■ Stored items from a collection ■
◇ ◇ ◇ ◇

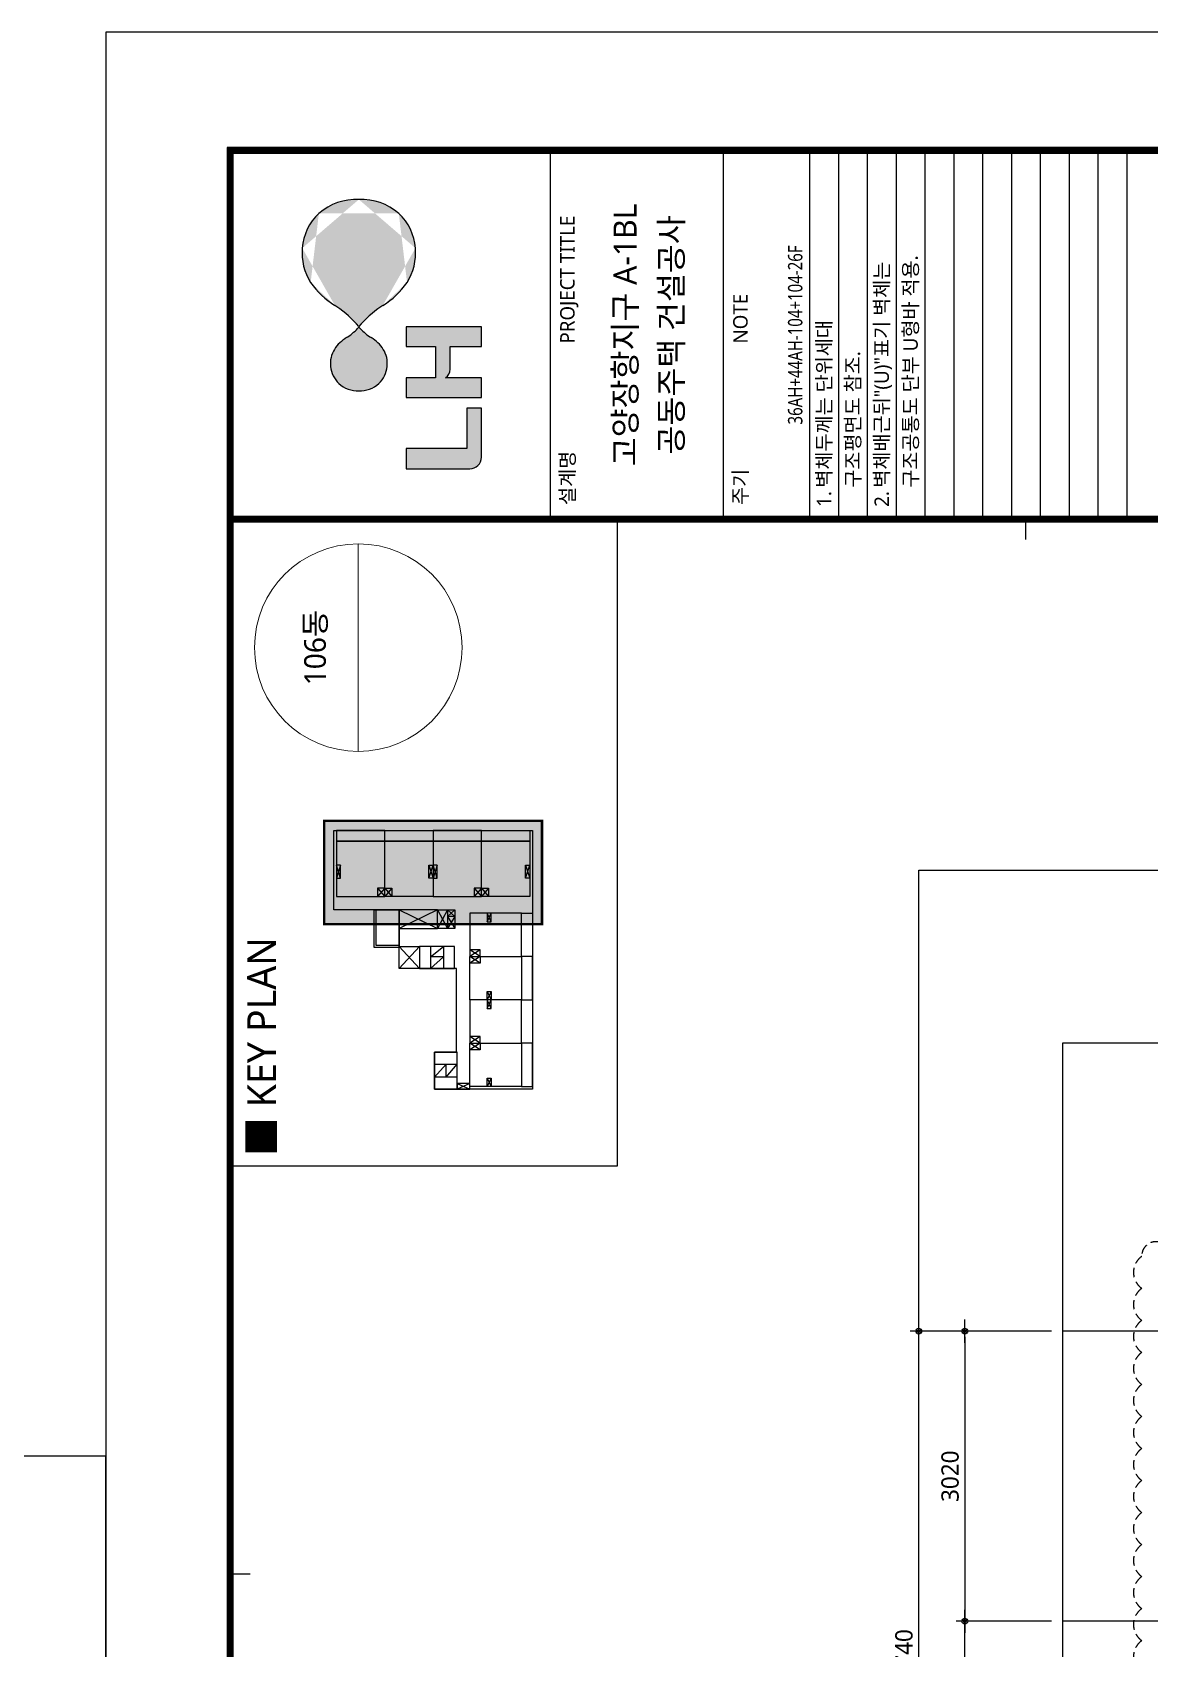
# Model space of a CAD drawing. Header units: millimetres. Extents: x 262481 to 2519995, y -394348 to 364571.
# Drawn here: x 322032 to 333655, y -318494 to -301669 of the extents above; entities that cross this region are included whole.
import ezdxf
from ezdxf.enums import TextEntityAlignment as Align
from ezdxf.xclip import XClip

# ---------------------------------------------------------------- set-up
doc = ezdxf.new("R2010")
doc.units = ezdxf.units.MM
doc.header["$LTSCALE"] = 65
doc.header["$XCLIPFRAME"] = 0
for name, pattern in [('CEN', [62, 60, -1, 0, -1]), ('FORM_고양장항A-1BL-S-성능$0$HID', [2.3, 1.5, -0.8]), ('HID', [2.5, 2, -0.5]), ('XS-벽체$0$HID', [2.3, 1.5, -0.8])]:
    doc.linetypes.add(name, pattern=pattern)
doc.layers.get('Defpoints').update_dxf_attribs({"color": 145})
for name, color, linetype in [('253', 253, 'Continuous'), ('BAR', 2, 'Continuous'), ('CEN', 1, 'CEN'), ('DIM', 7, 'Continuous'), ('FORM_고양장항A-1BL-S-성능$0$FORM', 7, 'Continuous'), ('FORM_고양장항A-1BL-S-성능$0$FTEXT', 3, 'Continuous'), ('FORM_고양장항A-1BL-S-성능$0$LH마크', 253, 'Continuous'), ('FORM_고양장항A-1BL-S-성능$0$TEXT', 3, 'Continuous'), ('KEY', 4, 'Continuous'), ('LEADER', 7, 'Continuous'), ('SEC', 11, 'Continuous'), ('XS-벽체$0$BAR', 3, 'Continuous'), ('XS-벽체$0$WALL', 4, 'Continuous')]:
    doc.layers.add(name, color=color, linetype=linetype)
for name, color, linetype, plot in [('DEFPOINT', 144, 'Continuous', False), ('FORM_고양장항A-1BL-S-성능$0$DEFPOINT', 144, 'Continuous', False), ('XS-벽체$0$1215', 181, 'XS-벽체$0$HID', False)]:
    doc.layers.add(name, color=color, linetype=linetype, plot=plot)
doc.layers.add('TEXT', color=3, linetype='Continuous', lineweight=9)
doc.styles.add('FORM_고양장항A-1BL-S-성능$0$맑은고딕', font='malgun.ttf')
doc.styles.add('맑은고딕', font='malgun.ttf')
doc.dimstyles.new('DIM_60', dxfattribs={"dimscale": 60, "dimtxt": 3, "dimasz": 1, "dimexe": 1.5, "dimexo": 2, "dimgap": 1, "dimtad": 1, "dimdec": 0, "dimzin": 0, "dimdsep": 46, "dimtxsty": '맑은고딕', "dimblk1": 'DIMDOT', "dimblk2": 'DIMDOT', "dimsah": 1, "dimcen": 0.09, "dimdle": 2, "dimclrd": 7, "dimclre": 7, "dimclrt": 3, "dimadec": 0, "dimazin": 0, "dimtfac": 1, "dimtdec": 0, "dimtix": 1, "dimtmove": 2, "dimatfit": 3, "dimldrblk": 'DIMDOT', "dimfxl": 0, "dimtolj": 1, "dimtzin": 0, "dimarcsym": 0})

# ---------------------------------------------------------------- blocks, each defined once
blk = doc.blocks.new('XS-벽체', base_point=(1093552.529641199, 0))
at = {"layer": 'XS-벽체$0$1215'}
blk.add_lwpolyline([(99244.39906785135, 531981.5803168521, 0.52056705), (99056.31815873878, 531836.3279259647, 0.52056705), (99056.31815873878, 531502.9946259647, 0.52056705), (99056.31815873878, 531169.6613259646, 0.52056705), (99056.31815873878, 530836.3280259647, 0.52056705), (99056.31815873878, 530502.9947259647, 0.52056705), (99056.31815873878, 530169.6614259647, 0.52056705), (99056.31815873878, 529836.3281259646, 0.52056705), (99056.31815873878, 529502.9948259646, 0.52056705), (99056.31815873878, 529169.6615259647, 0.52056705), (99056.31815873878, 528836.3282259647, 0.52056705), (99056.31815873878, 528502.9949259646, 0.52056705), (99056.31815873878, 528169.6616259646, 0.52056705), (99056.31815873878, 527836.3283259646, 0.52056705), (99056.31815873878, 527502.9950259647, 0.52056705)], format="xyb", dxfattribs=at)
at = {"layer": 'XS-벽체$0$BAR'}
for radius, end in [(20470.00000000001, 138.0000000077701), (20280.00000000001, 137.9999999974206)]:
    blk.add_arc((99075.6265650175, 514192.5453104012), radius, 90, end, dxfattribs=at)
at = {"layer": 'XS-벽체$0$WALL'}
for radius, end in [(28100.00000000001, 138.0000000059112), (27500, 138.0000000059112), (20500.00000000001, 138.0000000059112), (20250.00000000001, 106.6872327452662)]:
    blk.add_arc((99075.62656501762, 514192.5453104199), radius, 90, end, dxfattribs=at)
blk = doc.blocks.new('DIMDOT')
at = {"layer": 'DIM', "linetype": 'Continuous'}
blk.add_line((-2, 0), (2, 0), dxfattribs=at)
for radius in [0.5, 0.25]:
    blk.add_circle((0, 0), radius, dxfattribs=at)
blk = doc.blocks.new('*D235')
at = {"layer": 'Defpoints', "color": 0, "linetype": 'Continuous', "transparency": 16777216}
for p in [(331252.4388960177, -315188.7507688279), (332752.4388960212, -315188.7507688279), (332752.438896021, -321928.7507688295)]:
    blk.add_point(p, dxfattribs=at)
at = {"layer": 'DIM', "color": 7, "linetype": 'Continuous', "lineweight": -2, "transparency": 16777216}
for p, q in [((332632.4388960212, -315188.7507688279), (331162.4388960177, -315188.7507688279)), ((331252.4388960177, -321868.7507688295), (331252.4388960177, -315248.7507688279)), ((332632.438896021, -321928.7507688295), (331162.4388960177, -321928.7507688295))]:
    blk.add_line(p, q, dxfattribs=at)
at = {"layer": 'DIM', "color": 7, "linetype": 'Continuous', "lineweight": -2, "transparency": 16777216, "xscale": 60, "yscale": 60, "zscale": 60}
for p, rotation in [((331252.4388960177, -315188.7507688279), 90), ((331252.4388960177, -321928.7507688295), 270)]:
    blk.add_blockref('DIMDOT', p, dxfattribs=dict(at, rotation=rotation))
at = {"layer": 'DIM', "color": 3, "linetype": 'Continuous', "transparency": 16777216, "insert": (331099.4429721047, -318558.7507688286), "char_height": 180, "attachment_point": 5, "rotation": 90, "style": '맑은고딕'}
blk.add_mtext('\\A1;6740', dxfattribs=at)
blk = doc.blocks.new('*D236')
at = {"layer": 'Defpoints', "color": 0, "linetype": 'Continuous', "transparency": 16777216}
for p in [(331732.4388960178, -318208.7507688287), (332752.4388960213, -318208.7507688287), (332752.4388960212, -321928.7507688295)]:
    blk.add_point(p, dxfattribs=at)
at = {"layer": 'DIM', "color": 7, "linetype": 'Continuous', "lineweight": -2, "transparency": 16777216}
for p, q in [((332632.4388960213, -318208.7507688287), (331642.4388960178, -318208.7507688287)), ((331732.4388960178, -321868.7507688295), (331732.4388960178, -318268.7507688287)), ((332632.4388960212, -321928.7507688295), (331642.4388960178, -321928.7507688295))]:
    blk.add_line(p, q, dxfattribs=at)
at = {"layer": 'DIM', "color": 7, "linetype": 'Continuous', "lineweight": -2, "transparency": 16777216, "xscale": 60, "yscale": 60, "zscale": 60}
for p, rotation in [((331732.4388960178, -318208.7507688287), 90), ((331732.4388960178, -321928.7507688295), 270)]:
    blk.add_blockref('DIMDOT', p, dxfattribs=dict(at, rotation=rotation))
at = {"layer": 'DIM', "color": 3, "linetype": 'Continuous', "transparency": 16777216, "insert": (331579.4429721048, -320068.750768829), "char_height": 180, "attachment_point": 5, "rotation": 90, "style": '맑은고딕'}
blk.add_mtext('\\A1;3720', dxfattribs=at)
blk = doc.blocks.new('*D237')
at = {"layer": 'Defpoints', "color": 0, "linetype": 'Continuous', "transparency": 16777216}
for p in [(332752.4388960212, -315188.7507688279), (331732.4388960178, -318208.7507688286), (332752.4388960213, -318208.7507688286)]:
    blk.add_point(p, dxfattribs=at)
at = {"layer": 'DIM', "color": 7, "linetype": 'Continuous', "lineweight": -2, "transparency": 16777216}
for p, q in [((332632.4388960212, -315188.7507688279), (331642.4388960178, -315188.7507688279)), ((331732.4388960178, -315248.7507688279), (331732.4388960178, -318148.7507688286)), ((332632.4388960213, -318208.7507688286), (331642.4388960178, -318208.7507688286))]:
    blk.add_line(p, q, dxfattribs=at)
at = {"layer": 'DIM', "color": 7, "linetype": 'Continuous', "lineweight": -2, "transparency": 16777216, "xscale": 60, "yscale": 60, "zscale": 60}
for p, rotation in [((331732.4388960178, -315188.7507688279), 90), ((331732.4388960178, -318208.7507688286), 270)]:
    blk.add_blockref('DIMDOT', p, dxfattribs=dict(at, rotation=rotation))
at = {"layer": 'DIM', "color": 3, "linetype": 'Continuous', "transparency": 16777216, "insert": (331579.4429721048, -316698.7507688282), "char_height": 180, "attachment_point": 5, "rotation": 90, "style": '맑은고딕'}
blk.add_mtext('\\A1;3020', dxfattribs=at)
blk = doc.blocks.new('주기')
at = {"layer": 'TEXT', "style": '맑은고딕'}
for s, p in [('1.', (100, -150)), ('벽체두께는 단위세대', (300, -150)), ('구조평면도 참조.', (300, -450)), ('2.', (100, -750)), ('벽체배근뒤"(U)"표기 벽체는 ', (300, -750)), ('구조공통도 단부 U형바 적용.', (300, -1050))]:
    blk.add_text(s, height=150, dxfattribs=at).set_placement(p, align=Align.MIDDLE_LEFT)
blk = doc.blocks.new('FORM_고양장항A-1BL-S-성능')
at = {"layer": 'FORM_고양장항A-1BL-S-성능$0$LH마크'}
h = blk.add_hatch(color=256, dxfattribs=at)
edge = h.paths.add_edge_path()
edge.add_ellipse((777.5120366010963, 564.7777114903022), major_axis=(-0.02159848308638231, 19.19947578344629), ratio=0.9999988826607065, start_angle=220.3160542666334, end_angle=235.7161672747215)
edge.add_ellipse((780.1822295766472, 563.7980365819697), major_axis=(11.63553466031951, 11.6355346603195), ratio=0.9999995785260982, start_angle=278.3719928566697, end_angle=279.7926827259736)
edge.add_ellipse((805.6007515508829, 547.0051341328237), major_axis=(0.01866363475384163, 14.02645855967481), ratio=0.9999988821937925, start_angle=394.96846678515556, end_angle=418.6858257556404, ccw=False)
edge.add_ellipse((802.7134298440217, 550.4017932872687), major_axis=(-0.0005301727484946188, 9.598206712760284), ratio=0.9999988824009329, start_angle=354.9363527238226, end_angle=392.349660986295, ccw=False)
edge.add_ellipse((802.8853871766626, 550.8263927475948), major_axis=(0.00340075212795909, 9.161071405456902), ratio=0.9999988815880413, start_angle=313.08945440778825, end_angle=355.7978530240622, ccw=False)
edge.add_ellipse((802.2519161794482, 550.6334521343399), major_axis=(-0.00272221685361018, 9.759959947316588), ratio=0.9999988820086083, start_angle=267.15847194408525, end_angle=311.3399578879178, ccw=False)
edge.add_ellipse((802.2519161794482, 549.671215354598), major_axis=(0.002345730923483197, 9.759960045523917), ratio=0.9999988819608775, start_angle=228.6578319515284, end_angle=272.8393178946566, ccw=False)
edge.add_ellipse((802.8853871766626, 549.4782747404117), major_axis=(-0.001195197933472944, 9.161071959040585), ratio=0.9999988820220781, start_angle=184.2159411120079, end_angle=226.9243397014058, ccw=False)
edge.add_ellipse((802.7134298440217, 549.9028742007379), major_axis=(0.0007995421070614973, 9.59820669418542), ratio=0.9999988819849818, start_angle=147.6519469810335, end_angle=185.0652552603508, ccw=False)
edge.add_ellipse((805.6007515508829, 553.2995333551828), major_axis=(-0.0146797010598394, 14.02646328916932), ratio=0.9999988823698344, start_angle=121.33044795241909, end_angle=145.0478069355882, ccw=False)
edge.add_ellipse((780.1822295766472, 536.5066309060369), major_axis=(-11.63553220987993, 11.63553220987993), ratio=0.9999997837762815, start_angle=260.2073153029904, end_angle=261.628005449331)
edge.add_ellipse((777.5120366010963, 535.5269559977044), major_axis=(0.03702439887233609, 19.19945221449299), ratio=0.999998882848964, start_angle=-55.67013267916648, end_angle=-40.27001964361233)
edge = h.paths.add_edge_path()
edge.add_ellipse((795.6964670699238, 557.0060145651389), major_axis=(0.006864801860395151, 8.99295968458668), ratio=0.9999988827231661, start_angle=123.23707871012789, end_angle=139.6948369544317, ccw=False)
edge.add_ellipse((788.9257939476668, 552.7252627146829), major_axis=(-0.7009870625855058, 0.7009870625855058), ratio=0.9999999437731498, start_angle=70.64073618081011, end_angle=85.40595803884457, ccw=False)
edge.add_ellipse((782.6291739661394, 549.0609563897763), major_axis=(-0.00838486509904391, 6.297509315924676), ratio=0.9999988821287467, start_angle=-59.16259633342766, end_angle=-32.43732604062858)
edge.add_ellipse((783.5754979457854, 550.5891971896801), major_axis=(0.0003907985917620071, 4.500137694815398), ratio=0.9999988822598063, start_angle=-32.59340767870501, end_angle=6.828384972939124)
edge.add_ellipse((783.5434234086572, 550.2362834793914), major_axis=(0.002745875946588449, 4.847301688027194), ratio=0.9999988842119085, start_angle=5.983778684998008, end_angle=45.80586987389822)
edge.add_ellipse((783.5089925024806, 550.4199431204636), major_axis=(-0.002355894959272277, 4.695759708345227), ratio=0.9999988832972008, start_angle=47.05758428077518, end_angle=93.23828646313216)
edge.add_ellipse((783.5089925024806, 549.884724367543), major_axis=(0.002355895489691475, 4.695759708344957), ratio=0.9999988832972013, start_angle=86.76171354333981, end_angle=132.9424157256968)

◇ ◇ ◇ ◇

For the string "font", filter the data and copy out each line where it occurs.

■ Result below ■
doc.styles.add('FORM_고양장항A-1BL-S-성능$0$맑은고딕', font='malgun.ttf')
doc.styles.add('맑은고딕', font='malgun.ttf')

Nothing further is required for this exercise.